Undefined template methods trick ?

Question

A colleague of mine told me about a little piece of design he has used with his team that sent my mind boiling. It's a kind of traits class that they can specialize in an extremely decoupled way.

I've had a hard time understanding how it could possibly work, and I am still unsure of the idea I have, so I thought I would ask for help here.
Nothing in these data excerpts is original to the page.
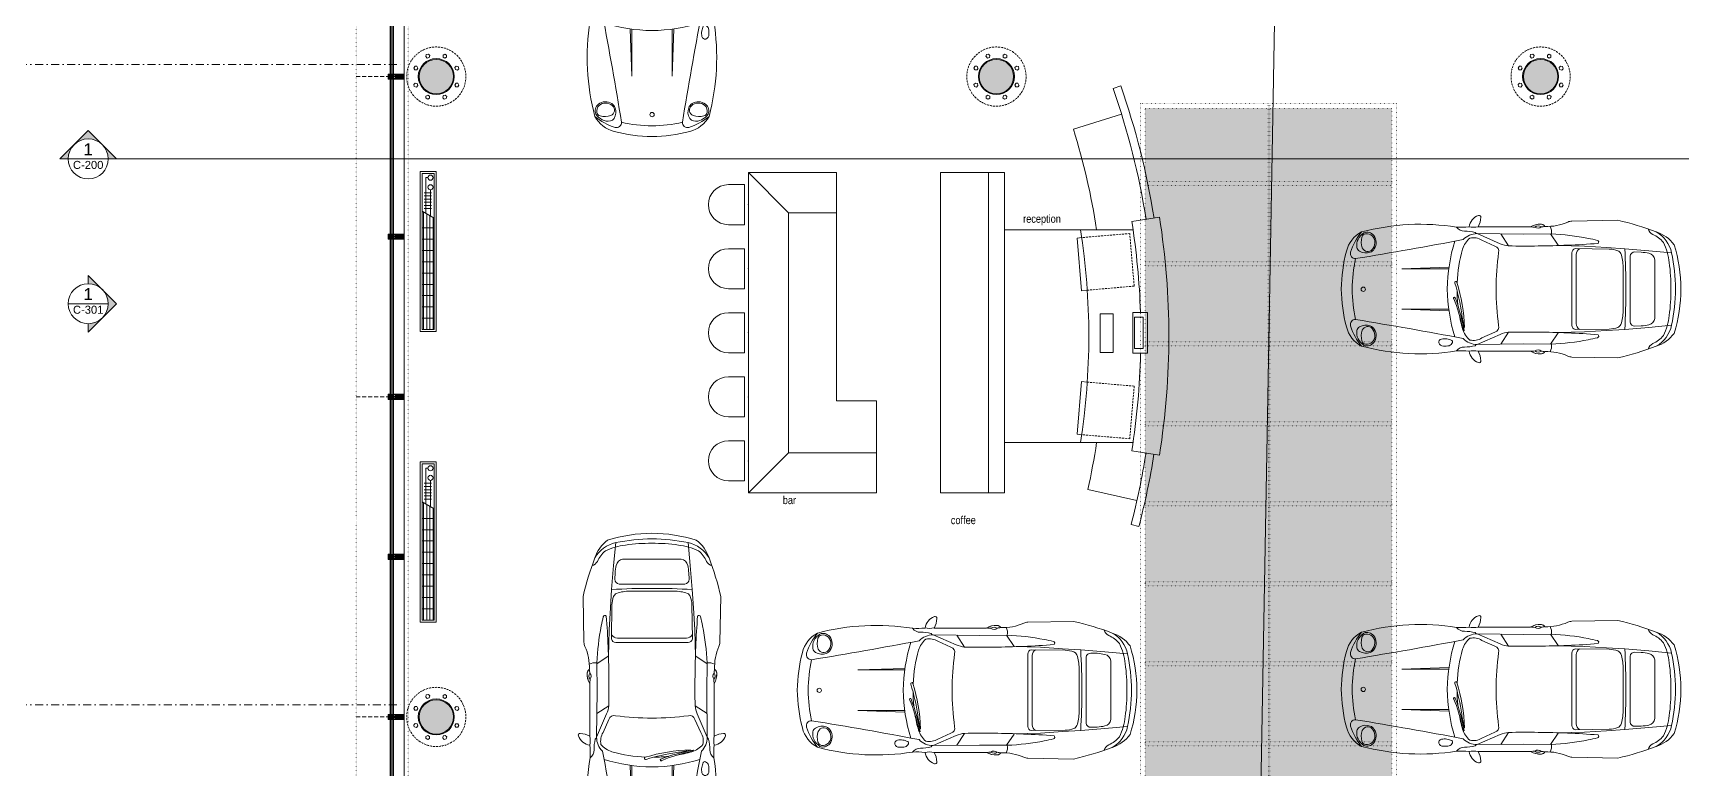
# Model space of a CAD drawing. Extents: x -9059 to 11889, y 0 to 6614.
# Drawn here: x 1301 to 3361, y 1282 to 2201 of the extents above; entities that cross this region are included whole.
import ezdxf
from ezdxf.enums import TextEntityAlignment as Align

# ---------------------------------------------------------------- set-up
doc = ezdxf.new("R2010")
doc.units = 0
doc.header["$LTSCALE"] = 10
doc.header["$MEASUREMENT"] = 0
for name, pattern in [('DASHDOT', [1, 0.5, -0.25, 0, -0.25]), ('DOT2', [0.125, 0, -0.125]), ('HIDDEN', [0.375, 0.25, -0.125])]:
    doc.linetypes.add(name, pattern=pattern)
doc.layers.get('0').update_dxf_attribs({"color": 9, "lineweight": 9})
for name, color, linetype, lineweight in [('01', 9, 'Continuous', 9), ('03S', 255, 'Continuous', 9), ('04', 9, 'Continuous', 9), ('05', 9, 'Continuous', 9), ('05V', 9, 'Continuous', 9), ('06C', 9, 'Continuous', 9), ('09', 9, 'Continuous', 9), ('10', 9, 'Continuous', 9), ('15', 9, 'Continuous', 9), ('20', 9, 'DOT2', 9), ('21', 9, 'Continuous', 9), ('24', 9, 'DASHDOT', 9), ('35', 9, 'Continuous', 9)]:
    doc.layers.add(name, color=color, linetype=linetype, lineweight=lineweight)
doc.styles.add('Arial', font='arial.ttf', dxfattribs={"height": 2.5})
doc.styles.add('MuuM_TEXT-STANDART', font='ARIALN.TTF')

# ---------------------------------------------------------------- blocks, each defined once
blk = doc.blocks.new('p-prs-kolon-02')
h = blk.add_hatch(color=255)
h.dxf.hatch_style = 1
edge = h.paths.add_edge_path()
edge.add_arc((0, 0), 22.5, 0, 360)
for radius in [22.5, 21.5]:
    blk.add_circle((0, 0), radius)
at = {"layer": '20', "linetype": 'HIDDEN'}
for points in [[(-12.5, 27.5), (-9.9, 28.1), (-8.1, 26.3), (-8.8, 23.8), (-11.3, 23.1), (-13.1, 25), (-12.5, 27.5)], [(10.6, 28.2), (12.9, 26.9), (12.9, 24.3), (10.6, 23), (8.4, 24.3), (8.4, 26.9), (10.6, 28.2)], [(-28.2, 10.6), (-26.9, 12.9), (-24.3, 12.9), (-23, 10.6), (-24.3, 8.4), (-26.9, 8.4), (-28.2, 10.6)], [(27.5, 12.5), (28.1, 9.9), (26.3, 8.1), (23.8, 8.8), (23.1, 11.3), (25, 13.1), (27.5, 12.5)], [(-27.5, -12.5), (-28.1, -9.9), (-26.3, -8.1), (-23.8, -8.8), (-23.1, -11.3), (-25, -13.1), (-27.5, -12.5)], [(28.2, -10.6), (26.9, -12.9), (24.3, -12.9), (23, -10.6), (24.3, -8.4), (26.9, -8.4), (28.2, -10.6)], [(-10.6, -28.2), (-12.9, -26.9), (-12.9, -24.3), (-10.6, -23), (-8.4, -24.3), (-8.4, -26.9), (-10.6, -28.2)], [(12.5, -27.5), (9.9, -28.1), (8.1, -26.3), (8.8, -23.8), (11.3, -23.1), (13.1, -25), (12.5, -27.5)]]:
    blk.add_lwpolyline(points, dxfattribs=at)
blk.add_circle((0, 0), 37, dxfattribs=at)
blk = doc.blocks.new('p-dog-profil_kapali')
at = {"layer": '03S'}
h = blk.add_hatch(color=256, dxfattribs=at)
h.dxf.hatch_style = 1
h.paths.add_polyline_path([(-3.2, 0), (3.2, 0), (3.2, -13.5), (2.2, -13.5), (2.2, -10.5), (1.5, -10.5), (0.5, -11.5), (0.5, -13.5), (1, -13.5), (1, -14.5), (3, -14.5), (3, -16.5), (1, -16.5), (1, -18.5), (1.8, -18.5), (1.8, -17.5), (3.2, -17.5), (3.2, -20), (-3.2, -20), (-3.2, -17.5), (-1.8, -17.5), (-1.8, -18.5), (-1, -18.5), (-1, -16.5), (-3, -16.5), (-3, -14.5), (-1, -14.5), (-1, -13.5), (-0.5, -13.5), (-0.5, -11.5), (-1.5, -10.5), (-2.3, -10.5), (-2.3, -13.5), (-3.2, -13.5)])
for p in [(3, -15.2), (3, -15.8)]:
    blk.add_point(p)
at = {"layer": '10'}
for points in [[(3.2, -10.5), (-3.2, -10.5), (-3.2, 0), (3.2, 0)], [(3.2, -20), (-3.2, -20), (-3.2, -18.5), (3.2, -18.5)], [(-1, -13.5), (1, -13.5), (1, -18.5), (-1, -18.5)]]:
    blk.add_lwpolyline(points, close=True, dxfattribs=at)
for points in [[(-3.3, -10.5), (-2.3, -10.5), (-2.3, -13.5), (-3.2, -13.5)], [(-3.2, -8), (-3.2, -8), (-1.8, -8), (-1.8, -10.5)], [(-3.2, -10.5), (-3.2, -10.5), (3.2, -10.5)], [(-3.2, -13.5), (-3.2, -10.5)], [(-3.2, -18.5), (-3.2, -17.5), (-1.8, -17.5), (-1.8, -18.5)], [(-1, -14.5), (-1, -14.5), (-3, -14.5), (-3, -16.5), (-1, -16.5)], [(1.8, -10), (-1.8, -10)], [(-0.5, -17.5), (-0.5, -17.5), (-0.5, -11.5), (-1.5, -10.5), (-1.5, -10.5)], [(1, -18.5), (1, -17.5), (-1, -17.5), (-1, -18.5)], [(1.5, -10.5), (1.5, -10.5), (0.5, -11.5), (0.5, -17.5)], [(1, -14.5), (1, -14.5), (3, -14.5), (3, -16.5), (1, -16.5)], [(3.2, -8), (3.2, -8), (1.8, -8), (1.8, -10.5)], [(1.8, -18.5), (1.8, -17.5), (3.2, -17.5), (3.2, -18.5)], [(3.2, -10.5), (2.2, -10.5), (2.2, -13.5), (3.2, -13.5), (3.2, -10.5)]]:
    blk.add_lwpolyline(points, dxfattribs=at)
blk = doc.blocks.new('p-cph_cam_dyn1806')
at = {"layer": '06C'}
blk.add_lwpolyline([(-119.75, 0), (1777, 0)], dxfattribs=at)
at = {"layer": '15'}
for points in [[(-122, -14), (1791.5, -14)], [(-122, -17), (1794, -17)], [(-120, -14.5), (1791.5, -14.5)], [(-120, -16.5), (1793.5, -16.5)], [(-119.75, -13.5), (1791.5, -13.5)], [(-119.75, -17.5), (1794.5, -17.5)]]:
    blk.add_lwpolyline(points, dxfattribs=at)
at = {"layer": '20', "linetype": 'HIDDEN', "ltscale": 2}
for points in [[(37, -60), (37, -20)], [(437, -60), (437, -20)], [(837, -60), (837, -20)], [(1237, -60), (1237, -20)], [(1637, -60), (1637, -20)]]:
    blk.add_lwpolyline(points, dxfattribs=at)
for p in [(-123, 0), (37, 0), (237, 0), (837, 0), (1037, 0), (1237, 0), (1437, 0), (437, 0), (637, 0), (1637, 0)]:
    blk.add_blockref('p-dog-profil_kapali', p)
blk = doc.blocks.new('A$C38B13A8F')
for p, q in [((280.6, 0), (80.6, 0)), ((80.6, 0), (80.6, -20)), ((280.6, -20), (280.6, 0)), ((80.6, -20), (280.6, -20))]:
    blk.add_line(p, q)
at = {"color": 252}
for p, q in [((229.9, -4), (83, -4)), ((227.5, -8), (83, -8)), ((225.2, -12), (83, -12)), ((222.9, -16), (83, -16)), ((222, -17.5), (230.8, -2.5)), ((257.7, -12.8), (224.8, -12.7)), ((272.8, -6.8), (228.3, -6.8)), ((234.1, -5), (234.1, -14.1)), ((238.1, -5), (238.1, -14.1)), ((242.1, -5), (242.1, -14.1)), ((246, -5), (246, -14.1)), ((250, -5), (250, -14.1)), ((254, -5), (254, -14.1)), ((272.8, -9.6), (272.8, -6.8))]:
    blk.add_line(p, q, dxfattribs=at)
at = {"color": 252, "linetype": 'Continuous'}
for p, q in [((97.2, -17.5), (97.2, -2.5)), ((111.3, -17.5), (111.3, -2.5)), ((125.4, -17.5), (125.4, -2.5)), ((139.5, -17.5), (139.5, -2.5)), ((153.6, -17.5), (153.6, -2.5)), ((167.8, -17.5), (167.8, -2.5)), ((181.9, -17.5), (181.9, -2.5)), ((196, -17.5), (196, -2.5)), ((210.1, -17.5), (210.1, -2.5))]:
    blk.add_line(p, q, dxfattribs=at)
blk.add_lwpolyline([(278.1, -2.5), (278.1, -17.5), (83, -17.5), (83, -2.5)], close=True)
at = {"color": 252}
for centre in [(260.8, -12.8), (272.8, -12.8)]:
    blk.add_circle(centre, 3.18, dxfattribs=at)
blk = doc.blocks.new('0_exteriorelevation2')
h = blk.add_hatch(color=256)
edge = h.paths.add_edge_path()
edge.add_arc((0, 0), 5, 45, 90)
edge.add_line((0, 5), (0, 7.07))
edge.add_line((0, 7.07), (3.54, 3.54))
edge = h.paths.add_edge_path()
edge.add_line((0, -5), (0, -7.07))
edge.add_line((0, -7.07), (3.54, -3.54))
edge.add_arc((0, 0), 5, 270, 315, ccw=False)
h.paths.add_polyline_path([(3.79, 3.28), (7.07, 0), (3.54, -3.54), (3.77, -3.29), (3.92, -3.11), (4.03, -2.96), (4.19, -2.73), (4.41, -2.36), (4.51, -2.15), (4.59, -1.99), (4.66, -1.81), (4.75, -1.55), (4.83, -1.3), (4.89, -1.03), (4.93, -0.84), (4.97, -0.5), (5, -0.18), (5, 0.07), (4.99, 0.36), (4.96, 0.6), (4.91, 0.94), (4.86, 1.16), (4.82, 1.32), (4.77, 1.51), (4.69, 1.75), (4.58, 2), (4.47, 2.25), (4.36, 2.45), (4.26, 2.62), (4.13, 2.82), (3.97, 3.03), (3.84, 3.2), (3.69, 3.37), (3.55, 3.52)])
for points in [[(0, -7.07), (7.07, 0), (0, 7.07), (0, 5)], [(0, -7.07), (7.07, 0), (0, 7.07), (0, 5)], [(-5, 0), (5, 0)], [(0, -5), (0, -7.07)], [(0, -5), (0, -7.07)]]:
    blk.add_lwpolyline(points)
blk.add_circle((0, 0), 5)
at = {"style": 'Arial'}
blk.add_attdef('KESITADI', text='', height=3, dxfattribs=at).set_placement((0, 0), align=Align.BOTTOM_CENTER)
blk.add_attdef('PAFTAADI', text='', height=2, dxfattribs=at).set_placement((0, -0.5), align=Align.TOP_CENTER)
blk = doc.blocks.new('0_buildingsection')
h = blk.add_hatch(color=256)
h.paths.add_polyline_path([(7.07, 0), (0, 7.07), (-7.07, 0)])
h.paths.add_polyline_path([(5, 0, 1), (-5, 0)], flags=16)
for points in [[(7.07, 0), (0, 7.07), (-7.07, 0), (25, 0)], [(7.07, 0), (0, 7.07), (-7.07, 0), (7.07, 0)]]:
    blk.add_lwpolyline(points)
blk.add_circle((0, 0), 5)
at = {"style": 'Arial'}
blk.add_attdef('KESITADI', text='', height=3, dxfattribs=at).set_placement((0, 0), align=Align.BOTTOM_CENTER)
blk.add_attdef('PAFTAADI', text='', height=2, dxfattribs=at).set_placement((0, -0.5), align=Align.TOP_CENTER)
blk = doc.blocks.new('prs-plan')
for points in [[(325, 0, 0.073985), (239, 554, 0.153936), (16, 714, 0.035069), (-466, 860), (-1037, 850, 0.080758), (-1089, 837, -0.111291), (-1375, 782, 0.222022), (-1420, 809, 0.155977), (-1555, 777), (-2211, 777, 0.115278), (-2175, 896, 0.541385), (-2206, 919, 0.273922), (-2323, 777, -0.044974), (-2479, 773, 0.105774), (-3667, 713, 0.212201), (-3856, 472, 0.055723), (-3920, 0, 0.055723), (-3856, -472, 0.212201), (-3667, -713, 0.105774), (-2479, -773, -0.044974), (-2323, -777, 0.273922), (-2206, -919, 0.541385), (-2175, -896, 0.115278), (-2211, -777), (-1555, -777, 0.155977), (-1420, -809, 0.222022), (-1375, -782, -0.111291), (-1089, -837, 0.080758), (-1037, -850), (-466, -860, 0.035069), (16, -714, 0.153936), (239, -554, 0.073985)], [(16, -714, -0.035069), (-466, -860), (-1037, -850, -0.080758), (-1089, -837, 0.111291), (-1375, -782, -0.231444), (-1423, -809, -0.153464), (-1555, -777), (-2211, -777, -0.115278), (-2175, -896, -0.541385), (-2206, -919, -0.273922), (-2323, -777, 0.044974), (-2479, -773, -0.105774), (-3667, -713, -0.212201), (-3856, -472, -0.055723), (-3920, 0, -0.055723), (-3856, 472, -0.212201), (-3667, 713, -0.105774), (-2479, 773, 0.044974), (-2323, 777, -0.273922), (-2206, 919, -0.541385), (-2175, 896, -0.115278), (-2211, 777), (-1555, 777, -0.153464), (-1423, 809, -0.231444), (-1375, 782, 0.111291), (-1089, 837, -0.080758), (-1037, 850), (-466, 860, -0.035069), (16, 714, -0.153936), (239, 554, -0.073985), (325, 0, -0.073985), (239, -554, -0.153936)], [(-3507, 501, 0.318262), (-3515, 669, 0.336631), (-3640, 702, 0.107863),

We are talking g++ here, specifically the versions 3.4.2 and 4.3.2 (it seems to work with both).

The idea is quite simple:

1- Define the interface

// interface.h
template <class T>
struct Interface
{
  void foo(); // the method is not implemented, it could not work if it was
};

//
// I do not think it is necessary
// but they prefer free-standing methods with templates
// because of the automatic argument deduction
//
template <class T>
void foo(Interface<T>& interface) { interface.foo(); }

2- Define a class, and in the source file specialize the interface for this class (defining its methods)

// special.h

class Special {};


// special.cpp

#include "interface.h"
#include "special.h"

// 
// Note that this specialization is not visible outside of this translation unit
//
template <>
struct Interface<Special>
{
  void foo() { std::cout << "Special" << std::endl; }
};

3- To use, it's simple too:

// main.cpp

#include "interface.h"

class Special; // yes, it only costs a forward declaration
               // which helps much in term of dependencies

int main(int argc, char* argv[])
{
  Interface<Special> special;
  foo(special);
  return 0;
};

It's an undefined symbol if no translation unit defined a specialization of Interface for Special.

Now, I would have thought this would require the export keyword, which to my knowledge has never been implemented in g++ (and only implemented once in a C++ compiler, with its authors advising anyone not to, given the time and effort it took them).

I suspect it's got something to do with the linker resolving the templates methods...

• Do you have ever met anything like this before ?
• Does it conform to the standard or do you think it's a fortunate coincidence it works ?

I must admit I am quite puzzled by the construct...

Answer 1

Thats pretty neat. I'm not sure if it is guaranteed to work everywhere though. It looks like what they're doing is having a deliberately undefined template method, and then defining a specialization tucked away in its own translation unit. They're depending on the compiler using the same name mangling for both the original class template method and the specialization, which is the bit I think is probably non-standard. The linker will then look for the method of the class template, but instead find the specialization.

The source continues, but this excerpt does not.